━━━━━ The records ━━━━━

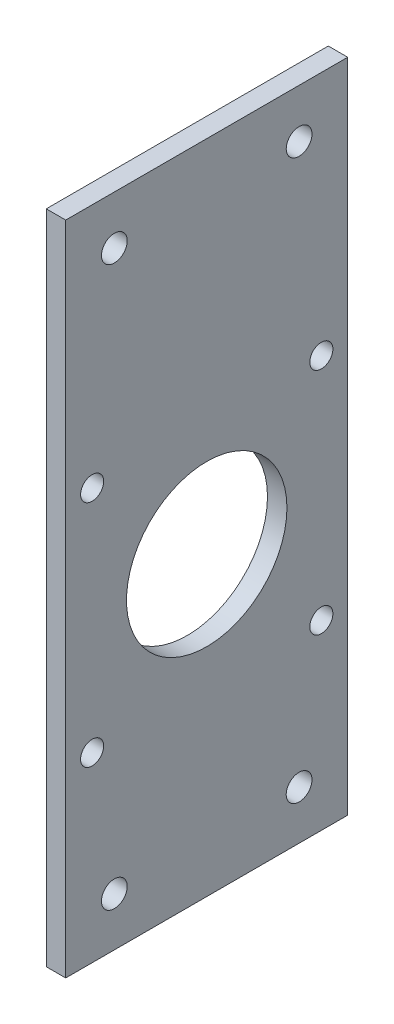
ISO-10303-21;
HEADER;
FILE_DESCRIPTION(('STEP AP214'),'2;1');
FILE_NAME('part.step','',(''),(''),'','','');
FILE_SCHEMA(('AUTOMOTIVE_DESIGN { 1 0 10303 214 1 1 1 1 }'));
ENDSEC;
DATA;
#1=APPLICATION_CONTEXT('core data for automotive mechanical design processes');
#2=APPLICATION_PROTOCOL_DEFINITION('international standard','automotive_design',2000,#1);
#3=PRODUCT_CONTEXT('',#1,'mechanical');
#4=PRODUCT('Part','Part','',(#3));
#5=PRODUCT_RELATED_PRODUCT_CATEGORY('part','',(#4));
#6=PRODUCT_DEFINITION_FORMATION('','',#4);
#7=PRODUCT_DEFINITION_CONTEXT('part definition',#1,'design');
#8=PRODUCT_DEFINITION('design','',#6,#7);
#9=PRODUCT_DEFINITION_SHAPE('','',#8);
#10=(LENGTH_UNIT() NAMED_UNIT(*) SI_UNIT(.MILLI.,.METRE.));
#11=(NAMED_UNIT(*) PLANE_ANGLE_UNIT() SI_UNIT($,.RADIAN.));
#12=(NAMED_UNIT(*) SI_UNIT($,.STERADIAN.) SOLID_ANGLE_UNIT());
#13=UNCERTAINTY_MEASURE_WITH_UNIT(LENGTH_MEASURE(1.E-05),#10,'distance_accuracy_value','');
#14=(GEOMETRIC_REPRESENTATION_CONTEXT(3) GLOBAL_UNCERTAINTY_ASSIGNED_CONTEXT((#13)) GLOBAL_UNIT_ASSIGNED_CONTEXT((#10,
#11,#12)) REPRESENTATION_CONTEXT('',''));
#15=CARTESIAN_POINT('',(0.,0.,0.));
#16=DIRECTION('',(0.,0.,1.));
#17=DIRECTION('',(1.,0.,0.));
#18=AXIS2_PLACEMENT_3D('',#15,#16,#17);
#19=CARTESIAN_POINT('',(4.,0.,0.));
#20=DIRECTION('',(1.,0.,0.));
#21=DIRECTION('',(0.,0.,-1.));
#22=AXIS2_PLACEMENT_3D('',#19,#20,#21);
#23=PLANE('',#22);
#24=CARTESIAN_POINT('',(4.,-57.4999999999999,19.));
#25=DIRECTION('',(1.,0.,0.));
#26=DIRECTION('',(0.,0.,1.));
#27=AXIS2_PLACEMENT_3D('',#24,#25,#26);
#28=CIRCLE('',#27,2.65);
#29=CARTESIAN_POINT('',(4.,-57.4999999999999,21.65));
#30=VERTEX_POINT('',#29);
#31=EDGE_CURVE('E151',#30,#30,#28,.T.);
#32=ORIENTED_EDGE('',*,*,#31,.F.);
#33=EDGE_LOOP('',(#32));
#34=FACE_BOUND('',#33,.T.);
#35=CARTESIAN_POINT('',(4.,57.5,19.));
#36=DIRECTION('',(1.,0.,0.));
#37=DIRECTION('',(0.,0.,-1.));
#38=AXIS2_PLACEMENT_3D('',#35,#36,#37);
#39=CIRCLE('',#38,2.65);
#40=CARTESIAN_POINT('',(4.,57.5,16.35));
#41=VERTEX_POINT('',#40);
#42=EDGE_CURVE('E139',#41,#41,#39,.T.);
#43=ORIENTED_EDGE('',*,*,#42,.F.);
#44=EDGE_LOOP('',(#43));
#45=FACE_BOUND('',#44,.T.);
#46=CARTESIAN_POINT('',(4.,-30.07,23.57));
#47=DIRECTION('',(1.,0.,0.));
#48=DIRECTION('',(0.,0.,-1.));
#49=AXIS2_PLACEMENT_3D('',#46,#47,#48);
#50=CIRCLE('',#49,2.375);
#51=CARTESIAN_POINT('',(4.,-30.07,21.195));
#52=VERTEX_POINT('',#51);
#53=EDGE_CURVE('E127',#52,#52,#50,.T.);
#54=ORIENTED_EDGE('',*,*,#53,.F.);
#55=EDGE_LOOP('',(#54));
#56=FACE_BOUND('',#55,.T.);
#57=CARTESIAN_POINT('',(4.,17.07,-23.57));
#58=DIRECTION('',(1.,0.,0.));
#59=DIRECTION('',(0.,0.,-1.));
#60=AXIS2_PLACEMENT_3D('',#57,#58,#59);
#61=CIRCLE('',#60,2.375);
#62=CARTESIAN_POINT('',(4.,17.07,-25.945));
#63=VERTEX_POINT('',#62);
#64=EDGE_CURVE('E115',#63,#63,#61,.T.);
#65=ORIENTED_EDGE('',*,*,#64,.F.);
#66=EDGE_LOOP('',(#65));
#67=FACE_BOUND('',#66,.T.);
#68=DIRECTION('',(0.,-1.,0.));
#69=VECTOR('',#68,1.);
#70=CARTESIAN_POINT('',(4.,-67.5,29.));
#71=LINE('',#70,#69);
#72=CARTESIAN_POINT('',(4.,67.5,29.));
#73=VERTEX_POINT('',#72);
#74=CARTESIAN_POINT('',(4.,-67.5,29.));
#75=VERTEX_POINT('',#74);
#76=EDGE_CURVE('E85',#73,#75,#71,.T.);
#77=ORIENTED_EDGE('',*,*,#76,.T.);
#78=DIRECTION('',(0.,0.,-1.));
#79=VECTOR('',#78,1.);
#80=CARTESIAN_POINT('',(4.,-67.5,-29.));
#81=LINE('',#80,#79);
#82=CARTESIAN_POINT('',(4.,-67.5,-29.));
#83=VERTEX_POINT('',#82);
#84=EDGE_CURVE('E80',#75,#83,#81,.T.);
#85=ORIENTED_EDGE('',*,*,#84,.T.);
#86=DIRECTION('',(0.,1.,0.));
#87=VECTOR('',#86,1.);
#88=CARTESIAN_POINT('',(4.,-67.5,-29.));
#89=LINE('',#88,#87);
#90=CARTESIAN_POINT('',(4.,67.5,-29.));
#91=VERTEX_POINT('',#90);
#92=EDGE_CURVE('E83',#83,#91,#89,.T.);
#93=ORIENTED_EDGE('',*,*,#92,.T.);
#94=DIRECTION('',(0.,0.,1.));
#95=VECTOR('',#94,1.);
#96=CARTESIAN_POINT('',(4.,67.5,-29.));
#97=LINE('',#96,#95);
#98=EDGE_CURVE('E50',#91,#73,#97,.T.);
#99=ORIENTED_EDGE('',*,*,#98,.T.);
#100=EDGE_LOOP('',(#77,#85,#93,#99));
#101=FACE_BOUND('',#100,.T.);
#102=CARTESIAN_POINT('',(4.,-6.50000000000001,0.));
#103=DIRECTION('',(1.,0.,0.));
#104=DIRECTION('',(0.,0.,-1.));
#105=AXIS2_PLACEMENT_3D('',#102,#103,#104);
#106=CIRCLE('',#105,16.5);
#107=CARTESIAN_POINT('',(4.,-6.50000000000001,-16.5));
#108=VERTEX_POINT('',#107);
#109=EDGE_CURVE('E100',#108,#108,#106,.T.);
#110=ORIENTED_EDGE('',*,*,#109,.F.);
#111=EDGE_LOOP('',(#110));
#112=FACE_BOUND('',#111,.T.);
#113=CARTESIAN_POINT('',(4.,17.07,23.57));
#114=DIRECTION('',(1.,0.,0.));
#115=DIRECTION('',(0.,0.,1.));
#116=AXIS2_PLACEMENT_3D('',#113,#114,#115);
#117=CIRCLE('',#116,2.375);
#118=CARTESIAN_POINT('',(4.,17.07,25.945));
#119=VERTEX_POINT('',#118);
#120=EDGE_CURVE('E121',#119,#119,#117,.T.);
#121=ORIENTED_EDGE('',*,*,#120,.F.);
#122=EDGE_LOOP('',(#121));
#123=FACE_BOUND('',#122,.T.);
#124=CARTESIAN_POINT('',(4.,-30.07,-23.57));
#125=DIRECTION('',(1.,0.,0.));
#126=DIRECTION('',(0.,0.,1.));
#127=AXIS2_PLACEMENT_3D('',#124,#125,#126);
#128=CIRCLE('',#127,2.375);
#129=CARTESIAN_POINT('',(4.,-30.07,-21.195));
#130=VERTEX_POINT('',#129);
#131=EDGE_CURVE('E133',#130,#130,#128,.T.);
#132=ORIENTED_EDGE('',*,*,#131,.F.);
#133=EDGE_LOOP('',(#132));
#134=FACE_BOUND('',#133,.T.);
#135=CARTESIAN_POINT('',(4.,57.5,-19.));
#136=DIRECTION('',(1.,0.,0.));
#137=DIRECTION('',(0.,0.,1.));
#138=AXIS2_PLACEMENT_3D('',#135,#136,#137);
#139=CIRCLE('',#138,2.65);
#140=CARTESIAN_POINT('',(4.,57.5,-16.35));
#141=VERTEX_POINT('',#140);
#142=EDGE_CURVE('E145',#141,#141,#139,.T.);
#143=ORIENTED_EDGE('',*,*,#142,.F.);
#144=EDGE_LOOP('',(#143));
#145=FACE_BOUND('',#144,.T.);
#146=CARTESIAN_POINT('',(4.,-57.5,-19.));
#147=DIRECTION('',(1.,0.,0.));
#148=DIRECTION('',(0.,0.,-1.));
#149=AXIS2_PLACEMENT_3D('',#146,#147,#148);
#150=CIRCLE('',#149,2.65);
#151=CARTESIAN_POINT('',(4.,-57.5,-21.65));
#152=VERTEX_POINT('',#151);
#153=EDGE_CURVE('E157',#152,#152,#150,.T.);
#154=ORIENTED_EDGE('',*,*,#153,.F.);
#155=EDGE_LOOP('',(#154));
#156=FACE_BOUND('',#155,.T.);
#157=ADVANCED_FACE('F33',(#34,#45,#56,#67,#101,#112,#123,#134,#145,#156),#23,.T.);
#158=CARTESIAN_POINT('',(0.,0.,0.));
#159=DIRECTION('',(1.,0.,0.));
#160=DIRECTION('',(0.,0.,-1.));
#161=AXIS2_PLACEMENT_3D('',#158,#159,#160);
#162=PLANE('',#161);
#163=DIRECTION('',(0.,-1.,0.));
#164=VECTOR('',#163,1.);
#165=CARTESIAN_POINT('',(0.,-67.5,29.));
#166=LINE('',#165,#164);
#167=CARTESIAN_POINT('',(0.,67.5,29.));
#168=VERTEX_POINT('',#167);
#169=CARTESIAN_POINT('',(0.,-67.5,29.));
#170=VERTEX_POINT('',#169);
#171=EDGE_CURVE('E97',#168,#170,#166,.T.);
#172=ORIENTED_EDGE('',*,*,#171,.F.);
#173=DIRECTION('',(0.,0.,1.));
#174=VECTOR('',#173,1.);
#175=CARTESIAN_POINT('',(0.,67.5,-29.));
#176=LINE('',#175,#174);
#177=CARTESIAN_POINT('',(0.,67.5,-29.));
#178=VERTEX_POINT('',#177);
#179=EDGE_CURVE('E73',#178,#168,#176,.T.);
#180=ORIENTED_EDGE('',*,*,#179,.F.);
#181=DIRECTION('',(0.,1.,0.));
#182=VECTOR('',#181,1.);
#183=CARTESIAN_POINT('',(0.,-67.5,-29.));
#184=LINE('',#183,#182);
#185=CARTESIAN_POINT('',(0.,-67.5,-29.));
#186=VERTEX_POINT('',#185);
#187=EDGE_CURVE('E67',#186,#178,#184,.T.);
#188=ORIENTED_EDGE('',*,*,#187,.F.);
#189=DIRECTION('',(0.,0.,-1.));
#190=VECTOR('',#189,1.);
#191=CARTESIAN_POINT('',(0.,-67.5,-29.));
#192=LINE('',#191,#190);
#193=EDGE_CURVE('E89',#170,#186,#192,.T.);
#194=ORIENTED_EDGE('',*,*,#193,.F.);
#195=EDGE_LOOP('',(#172,#180,#188,#194));
#196=FACE_BOUND('',#195,.T.);
#197=CARTESIAN_POINT('',(0.,-6.50000000000001,0.));
#198=DIRECTION('',(1.,0.,0.));
#199=DIRECTION('',(0.,0.,-1.));
#200=AXIS2_PLACEMENT_3D('',#197,#198,#199);
#201=CIRCLE('',#200,16.5);
#202=CARTESIAN_POINT('',(0.,-6.50000000000001,-16.5));
#203=VERTEX_POINT('',#202);
#204=EDGE_CURVE('E112',#203,#203,#201,.T.);
#205=ORIENTED_EDGE('',*,*,#204,.T.);
#206=EDGE_LOOP('',(#205));
#207=FACE_BOUND('',#206,.T.);
#208=CARTESIAN_POINT('',(0.,17.07,-23.57));
#209=DIRECTION('',(1.,0.,0.));
#210=DIRECTION('',(0.,0.,-1.));
#211=AXIS2_PLACEMENT_3D('',#208,#209,#210);
#212=CIRCLE('',#211,2.375);
#213=CARTESIAN_POINT('',(0.,17.07,-25.945));
#214=VERTEX_POINT('',#213);
#215=EDGE_CURVE('E118',#214,#214,#212,.T.);
#216=ORIENTED_EDGE('',*,*,#215,.T.);
#217=EDGE_LOOP('',(#216));
#218=FACE_BOUND('',#217,.T.);
#219=CARTESIAN_POINT('',(0.,17.07,23.57));
#220=DIRECTION('',(1.,0.,0.));
#221=DIRECTION('',(0.,0.,1.));
#222=AXIS2_PLACEMENT_3D('',#219,#220,#221);
#223=CIRCLE('',#222,2.375);
#224=CARTESIAN_POINT('',(0.,17.07,25.945));
#225=VERTEX_POINT('',#224);
#226=EDGE_CURVE('E124',#225,#225,#223,.T.);
#227=ORIENTED_EDGE('',*,*,#226,.T.);
#228=EDGE_LOOP('',(#227));
#229=FACE_BOUND('',#228,.T.);
#230=CARTESIAN_POINT('',(0.,-30.07,23.57));
#231=DIRECTION('',(1.,0.,0.));
#232=DIRECTION('',(0.,0.,-1.));
#233=AXIS2_PLACEMENT_3D('',#230,#231,#232);
#234=CIRCLE('',#233,2.375);
#235=CARTESIAN_POINT('',(0.,-30.07,21.195));
#236=VERTEX_POINT('',#235);
#237=EDGE_CURVE('E130',#236,#236,#234,.T.);
#238=ORIENTED_EDGE('',*,*,#237,.T.);
#239=EDGE_LOOP('',(#238));
#240=FACE_BOUND('',#239,.T.);
#241=CARTESIAN_POINT('',(0.,-30.07,-23.57));
#242=DIRECTION('',(1.,0.,0.));
#243=DIRECTION('',(0.,0.,1.));
#244=AXIS2_PLACEMENT_3D('',#241,#242,#243);
#245=CIRCLE('',#244,2.375);
#246=CARTESIAN_POINT('',(0.,-30.07,-21.195));
#247=VERTEX_POINT('',#246);
#248=EDGE_CURVE('E136',#247,#247,#245,.T.);
#249=ORIENTED_EDGE('',*,*,#248,.T.);
#250=EDGE_LOOP('',(#249));
#251=FACE_BOUND('',#250,.T.);
#252=CARTESIAN_POINT('',(0.,57.5,19.));
#253=DIRECTION('',(1.,0.,0.));
#254=DIRECTION('',(0.,0.,-1.));
#255=AXIS2_PLACEMENT_3D('',#252,#253,#254);
#256=CIRCLE('',#255,2.65);
#257=CARTESIAN_POINT('',(0.,57.5,16.35));
#258=VERTEX_POINT('',#257);
#259=EDGE_CURVE('E142',#258,#258,#256,.T.);
#260=ORIENTED_EDGE('',*,*,#259,.T.);
#261=EDGE_LOOP('',(#260));
#262=FACE_BOUND('',#261,.T.);
#263=CARTESIAN_POINT('',(0.,57.5,-19.));
#264=DIRECTION('',(1.,0.,0.));
#265=DIRECTION('',(0.,0.,1.));
#266=AXIS2_PLACEMENT_3D('',#263,#264,#265);
#267=CIRCLE('',#266,2.65);
#268=CARTESIAN_POINT('',(0.,57.5,-16.35));
#269=VERTEX_POINT('',#268);
#270=EDGE_CURVE('E148',#269,#269,#267,.T.);
#271=ORIENTED_EDGE('',*,*,#270,.T.);
#272=EDGE_LOOP('',(#271));
#273=FACE_BOUND('',#272,.T.);
#274=CARTESIAN_POINT('',(0.,-57.4999999999999,19.));
#275=DIRECTION('',(1.,0.,0.));
#276=DIRECTION('',(0.,0.,1.));
#277=AXIS2_PLACEMENT_3D('',#274,#275,#276);
#278=CIRCLE('',#277,2.65);
#279=CARTESIAN_POINT('',(0.,-57.4999999999999,21.65));
#280=VERTEX_POINT('',#279);
#281=EDGE_CURVE('E154',#280,#280,#278,.T.);
#282=ORIENTED_EDGE('',*,*,#281,.T.);
#283=EDGE_LOOP('',(#282));
#284=FACE_BOUND('',#283,.T.);
#285=CARTESIAN_POINT('',(0.,-57.5,-19.));
#286=DIRECTION('',(1.,0.,0.));
#287=DIRECTION('',(0.,0.,-1.));
#288=AXIS2_PLACEMENT_3D('',#285,#286,#287);
#289=CIRCLE('',#288,2.65);
#290=CARTESIAN_POINT('',(0.,-57.5,-21.65));
#291=VERTEX_POINT('',#290);
#292=EDGE_CURVE('E160',#291,#291,#289,.T.);
#293=ORIENTED_EDGE('',*,*,#292,.T.);
#294=EDGE_LOOP('',(#293));
#295=FACE_BOUND('',#294,.T.);
#296=ADVANCED_FACE('F108',(#196,#207,#218,#229,#240,#251,#262,#273,#284,#295),#162,.F.);
#297=CARTESIAN_POINT('',(4.,-67.5,29.));
#298=DIRECTION('',(0.,0.,-1.));
#299=DIRECTION('',(-1.,0.,0.));
#300=AXIS2_PLACEMENT_3D('',#297,#298,#299);
#301=PLANE('',#300);
#302=ORIENTED_EDGE('',*,*,#171,.T.);
#303=DIRECTION('',(-1.,0.,0.));
#304=VECTOR('',#303,1.);
#305=CARTESIAN_POINT('',(4.,-67.5,29.));
#306=LINE('',#305,#304);
#307=EDGE_CURVE('E11',#75,#170,#306,.T.);
#308=ORIENTED_EDGE('',*,*,#307,.F.);
#309=ORIENTED_EDGE('',*,*,#76,.F.);
#310=DIRECTION('',(-1.,0.,0.));
#311=VECTOR('',#310,1.);
#312=CARTESIAN_POINT('',(4.,67.5,29.));
#313=LINE('',#312,#311);
#314=EDGE_CURVE('E93',#73,#168,#313,.T.);
#315=ORIENTED_EDGE('',*,*,#314,.T.);
#316=EDGE_LOOP('',(#302,#308,#309,#315));
#317=FACE_BOUND('',#316,.T.);
#318=ADVANCED_FACE('F35',(#317),#301,.F.);
#319=CARTESIAN_POINT('',(4.,-67.5,-29.));
#320=DIRECTION('',(0.,1.,0.));
#321=DIRECTION('',(0.,0.,1.));
#322=AXIS2_PLACEMENT_3D('',#319,#320,#321);
#323=PLANE('',#322);
#324=ORIENTED_EDGE('',*,*,#193,.T.);
#325=DIRECTION('',(-1.,0.,0.));
#326=VECTOR('',#325,1.);
#327=CARTESIAN_POINT('',(4.,-67.5,-29.));
#328=LINE('',#327,#326);
#329=EDGE_CURVE('E42',#83,#186,#328,.T.);
#330=ORIENTED_EDGE('',*,*,#329,.F.);
#331=ORIENTED_EDGE('',*,*,#84,.F.);
#332=ORIENTED_EDGE('',*,*,#307,.T.);
#333=EDGE_LOOP('',(#324,#330,#331,#332));
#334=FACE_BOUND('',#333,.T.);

━━━━━

Repeat, with no pictures, every line from the top of the entries above through the line that has "#11=(NAMED_UNIT(*) PLANE_ANGLE_UNIT() SI_UNIT($,.RADIAN.));", keeping each one exact.

ISO-10303-21;
HEADER;
FILE_DESCRIPTION(('STEP AP214'),'2;1');
FILE_NAME('part.step','',(''),(''),'','','');
FILE_SCHEMA(('AUTOMOTIVE_DESIGN { 1 0 10303 214 1 1 1 1 }'));
ENDSEC;
DATA;
#1=APPLICATION_CONTEXT('core data for automotive mechanical design processes');
#2=APPLICATION_PROTOCOL_DEFINITION('international standard','automotive_design',2000,#1);
#3=PRODUCT_CONTEXT('',#1,'mechanical');
#4=PRODUCT('Part','Part','',(#3));
#5=PRODUCT_RELATED_PRODUCT_CATEGORY('part','',(#4));
#6=PRODUCT_DEFINITION_FORMATION('','',#4);
#7=PRODUCT_DEFINITION_CONTEXT('part definition',#1,'design');
#8=PRODUCT_DEFINITION('design','',#6,#7);
#9=PRODUCT_DEFINITION_SHAPE('','',#8);
#10=(LENGTH_UNIT() NAMED_UNIT(*) SI_UNIT(.MILLI.,.METRE.));
#11=(NAMED_UNIT(*) PLANE_ANGLE_UNIT() SI_UNIT($,.RADIAN.));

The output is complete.